Presentation model is again, 100% view logic."
Now I am lost. In order to make a presentation model available for the designer to use, it has to be created somewhere. And since the presentation model was suggested as a better approach than helpers, aren't we left with the controller as the best place?
The quality of an implementation should be based on how we do it, not what we call it. However, the I feel the latter is what we are doing here.
What if you want to reuse the same set of controllers for a different set of views, as in a multi-tenant app?
Unless you are working with a set of administration screens, your HTML views will need to be search engine optimized. This is often outsourced to 3rd parties. Are you going to give them the right to modify your controller code? Are you going to make the controller responsible for meta tags too? Speaking from personal experience, I've done this already and it was a mistake.
What if the views weren't even HTML? If you wanted to use your controllers in a desktop app, and you had WPF as your view engine, you are now making you controller do extra work for stuff the view won't need.
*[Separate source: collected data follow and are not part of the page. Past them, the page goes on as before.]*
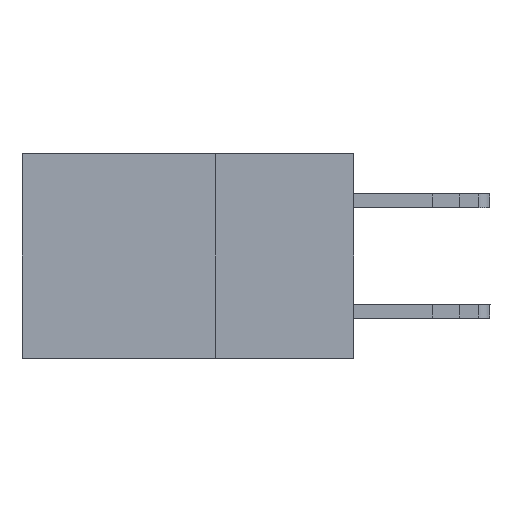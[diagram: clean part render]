
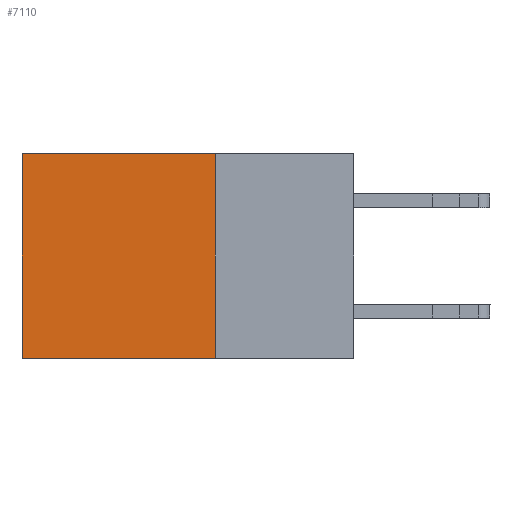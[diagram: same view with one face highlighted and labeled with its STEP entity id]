
A CAD part, left-side view. The second image highlights one B-rep face of the part: STEP entity #7110.
In plain terms, the highlighted planar face has unit normal (-1, 0, 0).
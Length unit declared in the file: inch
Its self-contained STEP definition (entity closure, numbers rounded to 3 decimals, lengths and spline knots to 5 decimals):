
#129 = EDGE_CURVE ( 'NONE', #604, #26976, #5704, .T. ) ;
#199 = DIRECTION ( 'NONE',  ( 1., 0., 0. ) ) ;
#312 = VECTOR ( 'NONE', #21006, 39.37008 ) ;
#320 = CARTESIAN_POINT ( 'NONE',  ( 0.2875, 0.25, 0. ) ) ;
#604 = VERTEX_POINT ( 'NONE', #7718 ) ;
#2009 = AXIS2_PLACEMENT_3D ( 'NONE', #10749, #199, #14720 ) ;
#2353 = LINE ( 'NONE', #320, #312 ) ;
#2801 = VECTOR ( 'NONE', #14509, 39.37008 ) ;
#3113 = CARTESIAN_POINT ( 'NONE',  ( 0.2875, 0.25, -0.37 ) ) ;
#5704 = LINE ( 'NONE', #10228, #6687 ) ;
#6687 = VECTOR ( 'NONE', #10513, 39.37008 ) ;
#7110 = ADVANCED_FACE ( 'NONE', ( #25256 ), #23200, .F. ) ;
#7718 = CARTESIAN_POINT ( 'NONE',  ( 0.2875, 0.25, 0. ) ) ;
#8253 = CARTESIAN_POINT ( 'NONE',  ( 0.2875, 0.6, -0.37 ) ) ;
#9020 = LINE ( 'NONE', #3113, #9454 ) ;
#9284 = EDGE_CURVE ( 'NONE', #604, #12271, #2353, .T. ) ;
#9454 = VECTOR ( 'NONE', #23940, 39.37008 ) ;
#9490 = ORIENTED_EDGE ( 'NONE', *, *, #129, .T. ) ;
#10228 = CARTESIAN_POINT ( 'NONE',  ( 0.2875, 0.25, 0. ) ) ;
#10513 = DIRECTION ( 'NONE',  ( 0., 1., 0. ) ) ;
#10543 = LINE ( 'NONE', #12453, #2801 ) ;
#10749 = CARTESIAN_POINT ( 'NONE',  ( 0.2875, 0.25, 0. ) ) ;
#10969 = EDGE_LOOP ( 'NONE', ( #23747, #16115, #16638, #9490 ) ) ;
#12271 = VERTEX_POINT ( 'NONE', #17712 ) ;
#12453 = CARTESIAN_POINT ( 'NONE',  ( 0.2875, 0.6, 0. ) ) ;
#13142 = EDGE_CURVE ( 'NONE', #12271, #23759, #9020, .T. ) ;
#14509 = DIRECTION ( 'NONE',  ( 0., 0., -1. ) ) ;
#14720 = DIRECTION ( 'NONE',  ( 0., 0., -1. ) ) ;
#16115 = ORIENTED_EDGE ( 'NONE', *, *, #13142, .F. ) ;
#16638 = ORIENTED_EDGE ( 'NONE', *, *, #9284, .F. ) ;
#17712 = CARTESIAN_POINT ( 'NONE',  ( 0.2875, 0.25, -0.37 ) ) ;
#18924 = CARTESIAN_POINT ( 'NONE',  ( 0.2875, 0.6, 0. ) ) ;
#21006 = DIRECTION ( 'NONE',  ( 0., 0., -1. ) ) ;
#21766 = EDGE_CURVE ( 'NONE', #26976, #23759, #10543, .T. ) ;
#23200 = PLANE ( 'NONE',  #2009 ) ;
#23747 = ORIENTED_EDGE ( 'NONE', *, *, #21766, .T. ) ;
#23759 = VERTEX_POINT ( 'NONE', #8253 ) ;
#23940 = DIRECTION ( 'NONE',  ( 0., 1., 0. ) ) ;
#25256 = FACE_OUTER_BOUND ( 'NONE', #10969, .T. ) ;
#26976 = VERTEX_POINT ( 'NONE', #18924 ) ;

We're making a change to Site.master in the default template to include a content section for the head section along the lines of what Ayende describes.
By default, its default content will still display <%= ViewData["Title"] %>, but any given view can simply override it.
Whoops.
I meant the default content of the placeholder is ViewData["Title"] but anyone who defines that content in their specific view will override that.
A quick question:
Who (Controller or View) should be responsible for ordering Products displayed on the page?
It seems that Controller should do it because of it requires some manipulations over the collection.
On the other side a page designer might want to order products the way he/she wants, thus View is responsible for giving the order.
Cheers.
Dmitriy,
The controller is responsible for that. Ordering should happen in the DB, not in the view.
Yes. I agree.
Just curious how would you deal if the designer (a person who develops views only) would like to have some control over things that controller is responsible for (ordering, displaying some hierarchical data with lazzy loading when controller did not loaded the data etc)?
Dmitriy,
At that point you need to negotiate how to do things.
Usually you build some sort of an interface that you use.
Ok. Would you mind to give a quick sample of such interface? Should we use DTOs (or view models) instead of Business Objects?
How would you compromise between flexibility and being protective, design practices guided?
View Model is my favorite, to tell you the truth.
For web app, I would define some Json web services that you can use.
Basically, it would all go into the same notion of making the view talk to the controller for the action
Ok. That's the key: " making the view talk to the controller for the action". But it is so huge attraction to write code like the one below instead of introducing additional layers.
and there's no way to prohibit doing it so sometimes I can find such kind of code after myself :(
It just works. Yes. But I don't sleep well with it and hope 10 seconds I spent for writing OrderBy won't become 10 days of debugging later.
Upps. My ugly code has been stripped. Trying again.
<% var products = ViewData.AsEnumerable <product("products"); %>
Sorry. It should be:
<% var products = ViewData.AsEnumerable <product("products").OrderBy(p=>p.Name); %>
Dimitriy,
If I find anyone doing something like that on the view, I am going to hit them on the head with a clue stick.
There will be bad things, we have to deal with that with code reviews, mentoring, etc.
Yep...
Oren,
Can you think about situations where it would be acceptable to do some sorting on the view?